タスク依存 DAG

このページでは、複数の DAG にわたる cron スケジュールに依存するのではなく、タスク依存の有向非巡回グラフ(DAG)を有効にして、単一の DAG 内の SQL テーブルノード間のタスク依存関係を指定する手順について説明します。カスタマイズ可能な設定を使用して、相互に依存する複数のテーブル更新ノードを持つ Managed Service for Apache Airflow DAG を生成します。 Cortex Framework には、タスク依存の SAP DAG(ECC と S/4HANA)の推奨設定が用意されています。ただし、さらに カスタマイズすることも、任意の データソースのタスク依存 DAG を定義することもできます。

タスク依存 DAG を有効にする

  1. config.json ファイルを変更して、enableTaskDependencies フィールドを True に設定します。この設定により、Cortex Framework は、接尾辞 _task_dep.yaml を持つタスク依存のレポート設定ファイルを検索します。
  2. タスク依存関係を必要とするデータソースごとに、接尾辞 _task_dep.yaml を持つ専用のレポート設定ファイルを作成します。詳細については、 タスク依存のレポート設定を定義するをご覧ください。
  3. table タイプのノードに新しいセクションとして table_setting.dag_settingを追加して、タスクの依存関係をカスタマイズします。 詳細については、 タスクの依存関係を指定してカスタマイズするをご覧ください。
  4. 標準のビルドプロセスを使用して Cortex Framework をビルドします。
  5. 生成されたファイルを確認します。これらのファイルは、ターゲット バケットの dags/data_source/reporting/task_dep_dags/dag_name にあります。このフォルダには、Managed Airflow DAG を定義する Python ファイルと、DAG 内の各テーブルノードの更新クエリを含む SQL ファイルが含まれます。
  6. 標準のビルドプロセスを使用して Cortex Framework をデプロイするには、ファイルを Managed Airflow DAG バケットにコピーします。

タスク依存のレポート設定を定義する

タスク依存関係を必要とするデータソースごとに、Cortex Framework は、接尾辞 _task_dep.yaml を持つタスク依存のレポート設定ファイルを想定しています。 これらのファイルを作成して更新する際は、次の点を考慮してください。

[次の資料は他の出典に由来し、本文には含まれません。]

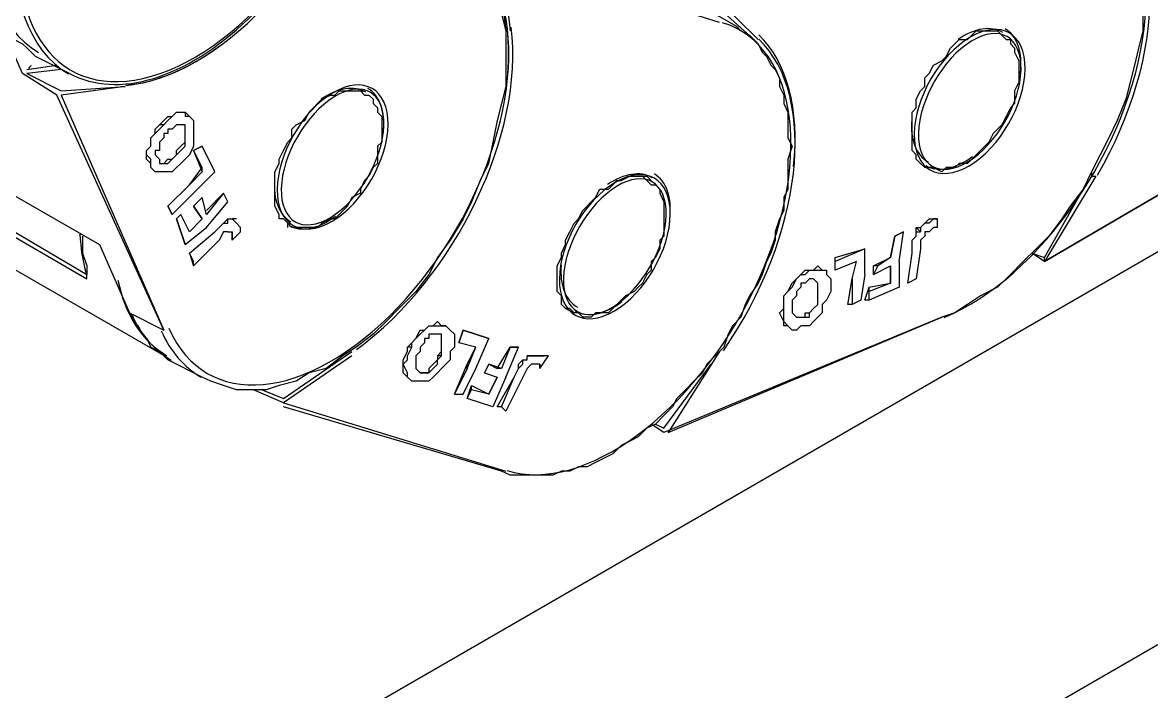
# Model space of a CAD drawing. Header units: millimetres. Extents: x 2758 to 41047, y 670 to 17125.
# Drawn here: x 35486.8 to 35596.8, y 7116.3 to 7181.5 of the extents above; entities that cross this region are included whole.
import ezdxf

# ---------------------------------------------------------------- set-up
doc = ezdxf.new("R2010")
doc.units = ezdxf.units.MM
doc.layers.add('PDF2_Geometría', color=7, linetype='Continuous')

# ---------------------------------------------------------------- blocks, each defined once
blk = doc.blocks.new('OH3A1-1$-$ASSY$$CENTER$TUB_-_v2$-$copia')
at = {"layer": 'PDF2_Geometría', "lineweight": -3}
for points in [[(15.8967539469401, 7.896715799967447), (19.60910288492838, 10.03996192084418), (19.60910288492838, 9.963298373752169)], [(19.60906643337673, 9.963296678331163), (15.89671749538845, 7.820050557454427), (14.04095967610677, 8.891673617892794), (14.04095967610677, 8.967503865559896), (14.85092671712239, 9.434984842936196)], [(16.3533460828993, 8.454171074761282), (16.42001003689236, 8.415839301215277), (16.41751013861762, 8.396673414442274), (16.41751013861762, 8.394173516167532), (16.41751013861762, 8.391673617892794), (16.41751013861762, 8.389173719618055), (16.41751013861762, 8.387507120768227), (16.41751013861762, 8.385007222493488), (16.41834343804253, 8.38334062364366), (16.41834343804253, 8.380840725368923), (16.41917673746744, 8.379174126519096), (16.42001003689236, 8.37750752766927), (16.42084333631727, 8.375840928819441), (16.42167663574218, 8.374174329969618), (16.4225099351671, 8.372507731119791), (16.423343234592, 8.370841132269964), (16.42500983344184, 8.37000783284505), (16.42584313286675, 8.369174533420138), (16.42750973171658, 8.367507934570312)], [(16.51834275987413, 8.375838385687933), (16.51917605929904, 8.37250518798828), (16.51917605929904, 8.369171990288628), (16.51917605929904, 8.365838792588972), (16.51917605929904, 8.361672295464407), (16.51834275987413, 8.358339097764754), (16.51750946044922, 8.355005900065102), (16.51667616102431, 8.350839402940535), (16.51584286159939, 8.346672905815971), (16.51417626274956, 8.343339708116316), (16.51250966389974, 8.339173210991753), (16.51084306504991, 8.335840013292097), (16.50834316677517, 8.331673516167532), (16.50584326850043, 8.328340318467879), (16.50417666965061, 8.325007120768227), (16.50167677137587, 8.321673923068575), (16.49834357367621, 8.318340725368923), (16.49584367540148, 8.315840827094183), (16.49334377712673, 8.313340928819441), (16.49001057942708, 8.310841030544704), (16.48751068115234, 8.309174431694878), (16.48417748345269, 8.306674533420138), (16.48084428575304, 8.305841233995222), (16.4783443874783, 8.304174635145397), (16.47501118977864, 8.303341335720486), (16.4725112915039, 8.302508036295572), (16.47001139322917, 8.302508036295572), (16.4666781955295, 8.302508036295572), (16.46417829725477, 8.303341335720486), (16.46167839898003, 8.304174635145397), (16.4600118001302, 8.30500793457031)], [(16.64334445529513, 8.375838385687933), (16.64334445529513, 8.372505187988281), (16.64251115587022, 8.369171990288628), (16.64167785644531, 8.365838792588974), (16.64084455702039, 8.362505594889322), (16.64001125759548, 8.359172397189669), (16.63834465874566, 8.355005900065102), (16.63667805989583, 8.35167270236545), (16.635011461046, 8.348339504665798), (16.63334486219618, 8.345006306966146), (16.63167826334635, 8.341673109266493), (16.62917836507161, 8.33833991156684), (16.62751176622179, 8.3358400132921), (16.62501186794704, 8.332506815592447), (16.6225119696723, 8.330006917317707), (16.62001207139757, 8.327507019042965), (16.61751217312283, 8.325007120768227), (16.61501227484809, 8.32250722249349), (16.61167907714843, 8.320840623643662), (16.60917917887369, 8.319174024793837), (16.60667928059895, 8.317507425944008), (16.60417938232421, 8.316674126519096)], [(16.61417643229166, 8.400838216145832), (16.5600119696723, 8.37917243109809), (16.56834496392144, 8.370839436848957)], [(16.51751200358073, 8.387505425347221), (16.51917860243055, 8.372506035698782)], [(16.56084357367621, 8.37417263454861), (16.51834530300564, 8.387505425347221), (16.52001190185547, 8.372506035698782)], [(16.37334526909722, 8.369171142578125), (16.44000922309028, 8.330839369032118), (16.44584231906467, 8.317506578233507), (16.45250871446397, 8.314173380533852), (16.43167622884114, 8.36000484890408), (16.42500983344184, 8.364171346028646), (16.41917673746744, 8.377504136827257)], [(16.56667751736111, 8.37167273627387), (16.56751081678602, 8.370839436848957), (16.55917782253689, 8.378339131673174)], [(16.56417846679687, 8.373339335123697), (16.55834537082248, 8.37667253282335)], [(16.56417677137586, 8.373336791992188), (16.56501007080078, 8.372503492567274), (16.5666766696506, 8.37167019314236), (16.56750996907552, 8.370836893717447), (16.56834326850043, 8.370003594292532), (16.56917656792534, 8.368336995442707), (16.57000986735026, 8.367503696017794), (16.57084316677517, 8.365837097167965), (16.57167646620008, 8.365003797743055), (16.57250976562499, 8.363337198893227), (16.57250976562499, 8.361670600043404), (16.57334306504991, 8.360004001193575), (16.57334306504991, 8.35833740234375), (16.57417636447482, 8.356670803493923), (16.57417636447482, 8.355004204644096), (16.57417636447482, 8.353337605794271), (16.57417636447482, 8.351671006944443), (16.57500966389974, 8.350004408094618), (16.57417636447482, 8.347504509819878), (16.57417636447482, 8.345837910970053), (16.57417636447482, 8.344171312120224), (16.57417636447482, 8.341671413845486), (16.57334306504991, 8.340004814995657), (16.57334306504991, 8.337504916720919), (16.57250976562499, 8.33583831787109), (16.57167646620008, 8.333338419596352), (16.57167646620008, 8.331671820746529), (16.57084316677517, 8.329171922471787), (16.57000986735026, 8.327505323621962), (16.56917656792534, 8.325005425347221), (16.56834326850043, 8.323338826497396), (16.5666766696506, 8.320838928222656), (16.56584337022569, 8.31917232937283), (16.56501007080078, 8.316672431098091), (16.56334347195095, 8.315005832248263), (16.56251017252604, 8.313339233398438), (16.56167687310112, 8.310839335123697), (16.5600102742513, 8.309172736273872), (16.55834367540147, 8.307506137424044), (16.55751037597656, 8.305839538574215), (16.55584377712673, 8.30417293972439), (16.55417717827691, 8.302506340874565), (16.55251057942708, 8.30083974202474), (16.55167728000217, 8.299173143174912), (16.55001068115234, 8.297506544325087), (16.54834408230251, 8.295839945475258), (16.54667748345269, 8.295006646050346), (16.54501088460286, 8.293340047200521), (16.54334428575303, 8.292506747775606), (16.54167768690321, 8.291673448350693), (16.54001108805338, 8.290006849500868), (16.53834448920355, 8.289173550075954), (16.53667789035373, 8.288340250651041), (16.5350112915039, 8.287506951226128), (16.53334469265408, 8.287506951226128), (16.53167809380425, 8.286673651801216), (16.53001149495442, 8.286673651801216), (16.5283448961046, 8.285840352376303), (16.52751159667968, 8.285840352376303), (16.52584499782986, 8.285840352376303), (16.52417839898003, 8.285840352376303), (16.52251180013021, 8.285840352376303), (16.52167850070529, 8.285840352376303), (16.52001190185546, 8.285840352376303), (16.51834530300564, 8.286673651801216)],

  • SAP の場合は、提供されている設定ファイル reporting_settings_ecc_task_dep.yamlreporting_settings_s4_task_dep.yamlをカスタマイズして使用できます。
  • 他のデータソースの場合は、元のデータソースとともに独自のタスク依存のレポート設定を作成します(例: reporting_settings_task_dep.yaml.

レポート設定 ファイルで使用できるフィールドの詳細については、dag_types.py をご覧ください。

タスクの依存関係を指定してカスタマイズする

table タイプのノードに新しいセクションとして table_setting.dag_setting を追加して、タスクの依存関係をカスタマイズします。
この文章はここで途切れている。